A potential problem with many of these risk pool arrangements is that the premiums charged by the risk pool insurer back to the captive tend to mirror the reinsurance premiums paid to the risk pool insurer by the captive. In Reserve Mechanical, the court noted the “circularity” of such an arrangement, pointing out that it was not reflective of an arm’s length contract. The court also found fault with the risk pool’s failure to properly underwrite the actual risks it assumed to derive an appropriate premium that was based on such risks, and not merely a premium intended match the premiums it received. Even further, the court determined that the risk pool insurer, which provided only excess insurance (i.e., insurance above a capped amount) had little to no risk that it would be obligated to pay any meaningful claims sufficient to justify the premiums charged the captive.

The take-away from Reserve Mechanical is that utilizing a risk pool in a captive arrangement to achieve risk distribution has become more uncertain.
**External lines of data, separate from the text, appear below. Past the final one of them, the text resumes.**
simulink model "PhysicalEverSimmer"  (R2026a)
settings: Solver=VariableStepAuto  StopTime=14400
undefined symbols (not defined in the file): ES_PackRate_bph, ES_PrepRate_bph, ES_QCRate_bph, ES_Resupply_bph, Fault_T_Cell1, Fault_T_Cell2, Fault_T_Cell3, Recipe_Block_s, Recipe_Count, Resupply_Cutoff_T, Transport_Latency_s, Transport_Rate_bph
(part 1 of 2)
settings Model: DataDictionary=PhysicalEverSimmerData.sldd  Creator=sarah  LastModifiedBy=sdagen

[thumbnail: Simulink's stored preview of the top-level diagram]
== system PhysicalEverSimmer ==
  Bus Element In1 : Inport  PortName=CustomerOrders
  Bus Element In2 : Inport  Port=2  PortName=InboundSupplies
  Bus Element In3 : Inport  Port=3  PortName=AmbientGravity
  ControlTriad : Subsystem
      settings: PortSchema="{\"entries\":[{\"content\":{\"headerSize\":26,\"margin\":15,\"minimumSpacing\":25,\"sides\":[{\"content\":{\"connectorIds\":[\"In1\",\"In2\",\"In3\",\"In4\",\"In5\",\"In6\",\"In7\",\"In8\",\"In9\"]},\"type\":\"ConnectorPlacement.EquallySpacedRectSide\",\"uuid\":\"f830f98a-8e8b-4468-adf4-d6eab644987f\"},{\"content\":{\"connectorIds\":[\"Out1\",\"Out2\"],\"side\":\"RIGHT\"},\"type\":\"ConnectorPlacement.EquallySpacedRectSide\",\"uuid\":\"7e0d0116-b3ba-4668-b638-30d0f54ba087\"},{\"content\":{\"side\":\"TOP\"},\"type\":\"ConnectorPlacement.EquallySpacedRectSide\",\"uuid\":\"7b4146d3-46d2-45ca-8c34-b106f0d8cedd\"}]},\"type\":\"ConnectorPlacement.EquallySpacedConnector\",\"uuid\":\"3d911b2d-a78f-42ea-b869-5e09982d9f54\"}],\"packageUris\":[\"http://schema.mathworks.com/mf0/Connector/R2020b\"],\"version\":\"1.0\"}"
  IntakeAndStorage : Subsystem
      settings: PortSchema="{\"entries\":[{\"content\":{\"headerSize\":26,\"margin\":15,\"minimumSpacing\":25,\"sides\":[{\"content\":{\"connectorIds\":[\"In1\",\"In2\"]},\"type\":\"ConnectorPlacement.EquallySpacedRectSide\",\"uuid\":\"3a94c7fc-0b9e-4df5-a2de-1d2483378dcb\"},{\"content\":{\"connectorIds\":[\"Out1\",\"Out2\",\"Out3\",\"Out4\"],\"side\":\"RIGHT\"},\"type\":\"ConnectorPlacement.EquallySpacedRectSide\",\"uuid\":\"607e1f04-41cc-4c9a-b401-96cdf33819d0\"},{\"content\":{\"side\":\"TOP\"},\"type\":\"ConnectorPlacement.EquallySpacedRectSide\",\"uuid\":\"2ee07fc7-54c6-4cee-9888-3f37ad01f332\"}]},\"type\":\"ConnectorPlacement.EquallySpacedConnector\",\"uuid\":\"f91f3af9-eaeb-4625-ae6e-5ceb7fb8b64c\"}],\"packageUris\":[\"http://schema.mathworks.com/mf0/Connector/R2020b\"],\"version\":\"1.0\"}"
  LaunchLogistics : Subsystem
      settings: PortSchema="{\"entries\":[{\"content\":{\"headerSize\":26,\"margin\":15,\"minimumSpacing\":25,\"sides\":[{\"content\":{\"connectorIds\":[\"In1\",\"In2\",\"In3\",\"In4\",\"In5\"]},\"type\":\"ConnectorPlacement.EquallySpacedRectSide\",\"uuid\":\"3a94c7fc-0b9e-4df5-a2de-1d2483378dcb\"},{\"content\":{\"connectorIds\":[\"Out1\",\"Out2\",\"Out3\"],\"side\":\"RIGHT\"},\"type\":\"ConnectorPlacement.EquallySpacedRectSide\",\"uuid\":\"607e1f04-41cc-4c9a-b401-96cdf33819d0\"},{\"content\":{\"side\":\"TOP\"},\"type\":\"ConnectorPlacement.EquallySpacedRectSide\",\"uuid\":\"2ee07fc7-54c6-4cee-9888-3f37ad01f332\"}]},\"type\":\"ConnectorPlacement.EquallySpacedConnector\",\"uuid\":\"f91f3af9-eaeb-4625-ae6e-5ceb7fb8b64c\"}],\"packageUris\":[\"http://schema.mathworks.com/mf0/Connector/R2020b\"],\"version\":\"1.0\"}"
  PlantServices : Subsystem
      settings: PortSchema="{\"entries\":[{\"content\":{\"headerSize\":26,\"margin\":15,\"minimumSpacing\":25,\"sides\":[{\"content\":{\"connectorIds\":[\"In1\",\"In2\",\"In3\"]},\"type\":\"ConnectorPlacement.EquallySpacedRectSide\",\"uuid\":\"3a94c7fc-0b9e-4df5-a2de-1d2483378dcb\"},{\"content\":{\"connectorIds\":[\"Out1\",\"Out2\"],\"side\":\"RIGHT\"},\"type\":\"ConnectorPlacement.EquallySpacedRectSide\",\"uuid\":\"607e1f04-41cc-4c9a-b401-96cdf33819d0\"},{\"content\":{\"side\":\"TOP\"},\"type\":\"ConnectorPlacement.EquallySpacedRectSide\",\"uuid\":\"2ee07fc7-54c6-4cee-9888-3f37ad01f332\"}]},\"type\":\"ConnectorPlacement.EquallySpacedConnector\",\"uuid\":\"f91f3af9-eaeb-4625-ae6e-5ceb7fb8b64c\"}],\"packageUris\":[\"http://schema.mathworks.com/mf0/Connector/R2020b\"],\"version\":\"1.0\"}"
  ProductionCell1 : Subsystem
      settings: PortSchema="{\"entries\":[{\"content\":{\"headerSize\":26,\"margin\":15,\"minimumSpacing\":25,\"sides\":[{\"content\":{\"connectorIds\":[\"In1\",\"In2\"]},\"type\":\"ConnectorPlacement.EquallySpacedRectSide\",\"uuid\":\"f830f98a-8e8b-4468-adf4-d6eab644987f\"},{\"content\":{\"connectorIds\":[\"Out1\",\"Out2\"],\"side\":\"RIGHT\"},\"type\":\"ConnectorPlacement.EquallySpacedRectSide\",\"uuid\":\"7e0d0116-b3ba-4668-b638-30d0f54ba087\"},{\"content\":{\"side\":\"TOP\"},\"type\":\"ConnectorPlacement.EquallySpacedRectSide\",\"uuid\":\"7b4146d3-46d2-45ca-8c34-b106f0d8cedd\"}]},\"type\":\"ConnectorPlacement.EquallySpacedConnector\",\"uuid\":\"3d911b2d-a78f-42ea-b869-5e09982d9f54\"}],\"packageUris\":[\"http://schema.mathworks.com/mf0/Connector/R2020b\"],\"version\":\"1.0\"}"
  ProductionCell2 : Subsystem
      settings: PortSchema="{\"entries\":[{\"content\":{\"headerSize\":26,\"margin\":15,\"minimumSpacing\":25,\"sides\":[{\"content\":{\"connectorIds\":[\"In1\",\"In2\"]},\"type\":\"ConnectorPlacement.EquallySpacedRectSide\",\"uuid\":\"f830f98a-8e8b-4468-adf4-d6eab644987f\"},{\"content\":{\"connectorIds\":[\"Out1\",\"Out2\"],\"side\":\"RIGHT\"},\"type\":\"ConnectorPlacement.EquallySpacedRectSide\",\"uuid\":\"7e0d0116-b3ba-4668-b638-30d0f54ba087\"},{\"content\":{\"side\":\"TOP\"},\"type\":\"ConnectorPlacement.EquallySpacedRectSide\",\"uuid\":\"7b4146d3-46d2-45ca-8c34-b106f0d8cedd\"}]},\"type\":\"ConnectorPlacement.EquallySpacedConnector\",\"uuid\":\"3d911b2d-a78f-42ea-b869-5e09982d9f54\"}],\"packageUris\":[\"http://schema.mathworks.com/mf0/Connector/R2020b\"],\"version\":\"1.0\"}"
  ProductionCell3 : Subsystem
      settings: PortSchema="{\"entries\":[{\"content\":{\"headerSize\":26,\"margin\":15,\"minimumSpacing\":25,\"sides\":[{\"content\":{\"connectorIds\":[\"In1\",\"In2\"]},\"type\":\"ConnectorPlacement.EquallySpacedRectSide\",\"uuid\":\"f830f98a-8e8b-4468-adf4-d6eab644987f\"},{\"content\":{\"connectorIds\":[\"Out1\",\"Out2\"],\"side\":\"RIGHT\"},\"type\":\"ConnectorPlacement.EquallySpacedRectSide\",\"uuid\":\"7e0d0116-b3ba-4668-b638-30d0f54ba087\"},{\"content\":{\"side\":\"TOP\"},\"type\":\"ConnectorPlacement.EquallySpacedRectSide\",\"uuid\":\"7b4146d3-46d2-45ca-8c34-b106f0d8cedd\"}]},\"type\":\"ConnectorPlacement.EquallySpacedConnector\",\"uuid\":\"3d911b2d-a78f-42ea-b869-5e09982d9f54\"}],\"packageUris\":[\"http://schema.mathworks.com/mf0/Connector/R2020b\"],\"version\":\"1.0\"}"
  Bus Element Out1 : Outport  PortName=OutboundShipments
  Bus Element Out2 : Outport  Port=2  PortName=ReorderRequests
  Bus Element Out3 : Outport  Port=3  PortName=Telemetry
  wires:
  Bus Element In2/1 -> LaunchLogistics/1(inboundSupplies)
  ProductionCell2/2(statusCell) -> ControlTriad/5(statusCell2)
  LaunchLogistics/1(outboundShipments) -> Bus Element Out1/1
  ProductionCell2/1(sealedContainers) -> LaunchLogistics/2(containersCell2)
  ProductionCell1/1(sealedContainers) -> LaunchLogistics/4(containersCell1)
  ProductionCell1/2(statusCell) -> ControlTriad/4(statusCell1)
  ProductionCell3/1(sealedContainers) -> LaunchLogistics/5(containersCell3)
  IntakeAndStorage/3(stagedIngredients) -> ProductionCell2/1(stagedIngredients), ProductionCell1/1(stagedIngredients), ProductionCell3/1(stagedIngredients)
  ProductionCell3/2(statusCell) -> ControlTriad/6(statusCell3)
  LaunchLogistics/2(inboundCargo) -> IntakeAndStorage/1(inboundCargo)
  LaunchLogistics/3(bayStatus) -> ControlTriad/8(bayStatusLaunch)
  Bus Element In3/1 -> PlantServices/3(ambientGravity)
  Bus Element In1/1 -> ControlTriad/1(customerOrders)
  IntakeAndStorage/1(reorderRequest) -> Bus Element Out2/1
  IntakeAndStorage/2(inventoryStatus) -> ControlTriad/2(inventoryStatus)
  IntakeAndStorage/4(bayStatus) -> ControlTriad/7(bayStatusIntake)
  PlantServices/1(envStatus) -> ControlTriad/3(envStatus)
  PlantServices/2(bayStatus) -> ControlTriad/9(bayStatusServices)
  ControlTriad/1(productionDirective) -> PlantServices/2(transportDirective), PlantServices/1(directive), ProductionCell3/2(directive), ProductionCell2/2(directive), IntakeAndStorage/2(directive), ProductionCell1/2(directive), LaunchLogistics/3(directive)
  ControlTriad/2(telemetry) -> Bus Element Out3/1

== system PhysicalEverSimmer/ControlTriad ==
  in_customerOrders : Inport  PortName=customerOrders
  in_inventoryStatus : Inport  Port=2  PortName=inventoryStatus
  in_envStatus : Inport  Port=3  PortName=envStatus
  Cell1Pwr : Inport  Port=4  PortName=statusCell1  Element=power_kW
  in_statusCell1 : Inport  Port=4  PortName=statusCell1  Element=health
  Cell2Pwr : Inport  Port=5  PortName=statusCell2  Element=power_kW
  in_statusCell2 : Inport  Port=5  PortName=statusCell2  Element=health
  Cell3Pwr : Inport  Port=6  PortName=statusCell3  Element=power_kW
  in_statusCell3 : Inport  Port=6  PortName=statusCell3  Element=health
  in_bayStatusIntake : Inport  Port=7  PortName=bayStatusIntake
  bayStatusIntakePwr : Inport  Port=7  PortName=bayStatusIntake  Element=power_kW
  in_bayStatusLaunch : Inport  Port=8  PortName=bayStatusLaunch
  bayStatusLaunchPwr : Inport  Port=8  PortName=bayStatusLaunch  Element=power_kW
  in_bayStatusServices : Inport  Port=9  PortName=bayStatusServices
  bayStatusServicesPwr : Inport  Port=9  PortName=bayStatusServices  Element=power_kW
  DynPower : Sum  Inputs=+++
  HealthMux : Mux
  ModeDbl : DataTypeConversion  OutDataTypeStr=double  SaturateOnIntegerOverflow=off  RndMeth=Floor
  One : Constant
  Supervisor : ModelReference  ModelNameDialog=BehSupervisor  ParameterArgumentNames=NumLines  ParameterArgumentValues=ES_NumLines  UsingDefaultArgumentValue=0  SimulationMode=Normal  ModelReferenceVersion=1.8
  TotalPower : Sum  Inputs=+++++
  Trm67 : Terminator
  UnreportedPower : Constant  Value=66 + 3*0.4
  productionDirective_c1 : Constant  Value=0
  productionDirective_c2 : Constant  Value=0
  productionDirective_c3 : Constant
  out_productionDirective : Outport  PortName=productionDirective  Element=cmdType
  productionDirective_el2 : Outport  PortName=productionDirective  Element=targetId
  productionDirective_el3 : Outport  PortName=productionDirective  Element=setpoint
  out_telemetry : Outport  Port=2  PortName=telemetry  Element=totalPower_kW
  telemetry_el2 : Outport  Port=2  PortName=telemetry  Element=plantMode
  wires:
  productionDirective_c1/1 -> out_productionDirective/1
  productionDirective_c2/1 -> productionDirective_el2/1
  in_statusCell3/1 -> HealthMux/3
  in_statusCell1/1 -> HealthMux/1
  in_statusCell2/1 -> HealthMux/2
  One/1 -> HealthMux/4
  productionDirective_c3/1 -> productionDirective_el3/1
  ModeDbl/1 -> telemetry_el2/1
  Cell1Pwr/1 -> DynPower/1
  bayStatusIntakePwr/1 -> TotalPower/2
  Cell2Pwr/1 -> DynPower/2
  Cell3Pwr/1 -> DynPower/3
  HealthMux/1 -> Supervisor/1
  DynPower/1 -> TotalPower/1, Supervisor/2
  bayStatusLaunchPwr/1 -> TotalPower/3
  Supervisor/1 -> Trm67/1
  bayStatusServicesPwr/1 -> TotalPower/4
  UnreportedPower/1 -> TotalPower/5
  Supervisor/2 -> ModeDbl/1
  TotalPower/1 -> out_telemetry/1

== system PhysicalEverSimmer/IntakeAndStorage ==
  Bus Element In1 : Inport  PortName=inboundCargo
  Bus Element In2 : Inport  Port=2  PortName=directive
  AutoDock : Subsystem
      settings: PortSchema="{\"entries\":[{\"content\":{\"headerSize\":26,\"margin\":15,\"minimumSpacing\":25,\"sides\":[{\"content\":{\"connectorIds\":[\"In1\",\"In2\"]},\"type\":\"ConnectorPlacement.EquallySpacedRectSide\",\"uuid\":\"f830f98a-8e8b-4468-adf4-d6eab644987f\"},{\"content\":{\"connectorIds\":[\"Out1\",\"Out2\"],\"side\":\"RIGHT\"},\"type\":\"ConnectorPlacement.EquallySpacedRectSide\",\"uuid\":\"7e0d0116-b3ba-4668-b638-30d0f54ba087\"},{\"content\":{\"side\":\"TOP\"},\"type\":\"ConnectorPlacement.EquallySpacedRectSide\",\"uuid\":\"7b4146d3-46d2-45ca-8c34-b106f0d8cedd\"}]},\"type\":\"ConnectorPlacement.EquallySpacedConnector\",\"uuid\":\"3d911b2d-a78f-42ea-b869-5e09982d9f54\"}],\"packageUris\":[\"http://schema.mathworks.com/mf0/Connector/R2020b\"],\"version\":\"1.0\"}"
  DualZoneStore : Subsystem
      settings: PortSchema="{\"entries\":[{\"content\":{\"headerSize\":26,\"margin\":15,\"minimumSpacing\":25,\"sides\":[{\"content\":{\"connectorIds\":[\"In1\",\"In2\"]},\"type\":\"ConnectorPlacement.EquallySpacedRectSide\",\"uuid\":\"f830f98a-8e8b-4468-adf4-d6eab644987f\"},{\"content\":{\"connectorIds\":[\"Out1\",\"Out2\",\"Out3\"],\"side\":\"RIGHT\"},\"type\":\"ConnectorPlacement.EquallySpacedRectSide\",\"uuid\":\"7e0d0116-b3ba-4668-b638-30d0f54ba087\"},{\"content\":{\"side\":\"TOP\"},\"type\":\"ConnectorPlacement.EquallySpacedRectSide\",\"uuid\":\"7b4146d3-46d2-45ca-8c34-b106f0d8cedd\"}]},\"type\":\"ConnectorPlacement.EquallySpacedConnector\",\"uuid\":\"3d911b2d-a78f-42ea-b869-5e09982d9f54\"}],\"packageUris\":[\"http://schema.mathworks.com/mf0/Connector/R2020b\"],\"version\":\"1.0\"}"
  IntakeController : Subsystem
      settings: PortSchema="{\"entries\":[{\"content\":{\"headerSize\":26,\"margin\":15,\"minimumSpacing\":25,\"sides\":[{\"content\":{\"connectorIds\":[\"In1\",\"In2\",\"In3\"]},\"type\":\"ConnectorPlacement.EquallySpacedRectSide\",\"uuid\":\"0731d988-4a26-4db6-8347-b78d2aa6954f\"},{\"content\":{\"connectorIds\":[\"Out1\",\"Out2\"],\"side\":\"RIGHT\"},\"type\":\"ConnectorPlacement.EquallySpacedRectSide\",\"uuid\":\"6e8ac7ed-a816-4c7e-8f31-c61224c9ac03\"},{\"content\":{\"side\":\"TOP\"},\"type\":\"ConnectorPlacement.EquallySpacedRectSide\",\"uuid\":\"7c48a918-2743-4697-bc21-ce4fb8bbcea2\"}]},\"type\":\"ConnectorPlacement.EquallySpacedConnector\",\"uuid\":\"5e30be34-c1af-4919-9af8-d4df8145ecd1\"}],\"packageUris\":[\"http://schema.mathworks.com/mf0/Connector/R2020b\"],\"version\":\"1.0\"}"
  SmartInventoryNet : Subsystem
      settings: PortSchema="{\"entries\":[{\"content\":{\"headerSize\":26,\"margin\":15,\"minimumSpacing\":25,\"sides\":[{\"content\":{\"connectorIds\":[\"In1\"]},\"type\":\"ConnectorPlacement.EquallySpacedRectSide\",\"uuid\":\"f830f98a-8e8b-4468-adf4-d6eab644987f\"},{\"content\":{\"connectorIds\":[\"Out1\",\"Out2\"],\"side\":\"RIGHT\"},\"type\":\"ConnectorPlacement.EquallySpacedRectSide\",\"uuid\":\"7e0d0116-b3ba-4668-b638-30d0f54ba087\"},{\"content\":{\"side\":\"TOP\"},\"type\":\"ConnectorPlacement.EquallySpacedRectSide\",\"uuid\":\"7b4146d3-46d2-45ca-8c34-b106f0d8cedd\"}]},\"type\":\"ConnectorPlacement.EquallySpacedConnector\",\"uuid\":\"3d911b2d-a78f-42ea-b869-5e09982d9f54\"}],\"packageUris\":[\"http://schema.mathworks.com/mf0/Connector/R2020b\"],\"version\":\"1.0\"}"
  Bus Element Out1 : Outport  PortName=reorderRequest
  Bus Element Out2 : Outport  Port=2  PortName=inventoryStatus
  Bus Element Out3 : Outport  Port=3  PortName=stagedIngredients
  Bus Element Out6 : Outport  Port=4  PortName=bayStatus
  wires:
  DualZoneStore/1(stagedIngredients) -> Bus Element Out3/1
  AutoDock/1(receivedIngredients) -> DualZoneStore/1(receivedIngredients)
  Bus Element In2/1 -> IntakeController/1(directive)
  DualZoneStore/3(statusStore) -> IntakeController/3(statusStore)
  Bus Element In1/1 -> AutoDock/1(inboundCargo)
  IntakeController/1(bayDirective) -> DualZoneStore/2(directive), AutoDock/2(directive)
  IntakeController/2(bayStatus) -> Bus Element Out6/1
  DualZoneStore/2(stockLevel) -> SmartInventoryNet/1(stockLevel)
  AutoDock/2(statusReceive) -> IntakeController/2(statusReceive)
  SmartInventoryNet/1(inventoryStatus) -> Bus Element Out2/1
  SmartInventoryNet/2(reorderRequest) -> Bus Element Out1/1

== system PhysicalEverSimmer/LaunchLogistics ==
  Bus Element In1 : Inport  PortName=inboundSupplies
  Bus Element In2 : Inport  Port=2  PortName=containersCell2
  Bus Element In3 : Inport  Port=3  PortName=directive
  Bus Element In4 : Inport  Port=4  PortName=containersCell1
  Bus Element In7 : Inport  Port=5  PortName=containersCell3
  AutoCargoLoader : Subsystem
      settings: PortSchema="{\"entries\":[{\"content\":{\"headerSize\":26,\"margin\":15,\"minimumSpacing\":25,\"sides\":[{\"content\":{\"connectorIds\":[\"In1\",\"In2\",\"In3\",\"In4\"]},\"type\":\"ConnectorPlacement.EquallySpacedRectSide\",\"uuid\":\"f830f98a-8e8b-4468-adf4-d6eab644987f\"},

What is certain is that such pools, on the heels of Reserve Mechanical, will invite close scrutiny. Attention must be paid to whether the risk pool’s premiums are actually derived from sound underwriting of the pool’s own risks, whether the pool has historically paid a reasonable share of claims over time, including some of meaningful size, and whether the captive and the risk pool are truly operating at arm’s length (where the captive’s management is not merely ceding all authority and responsibility to the same party that manages the pool). Absent that minimum level of due diligence, taxpayers wading into the pool might ultimately find themselves “underwater.”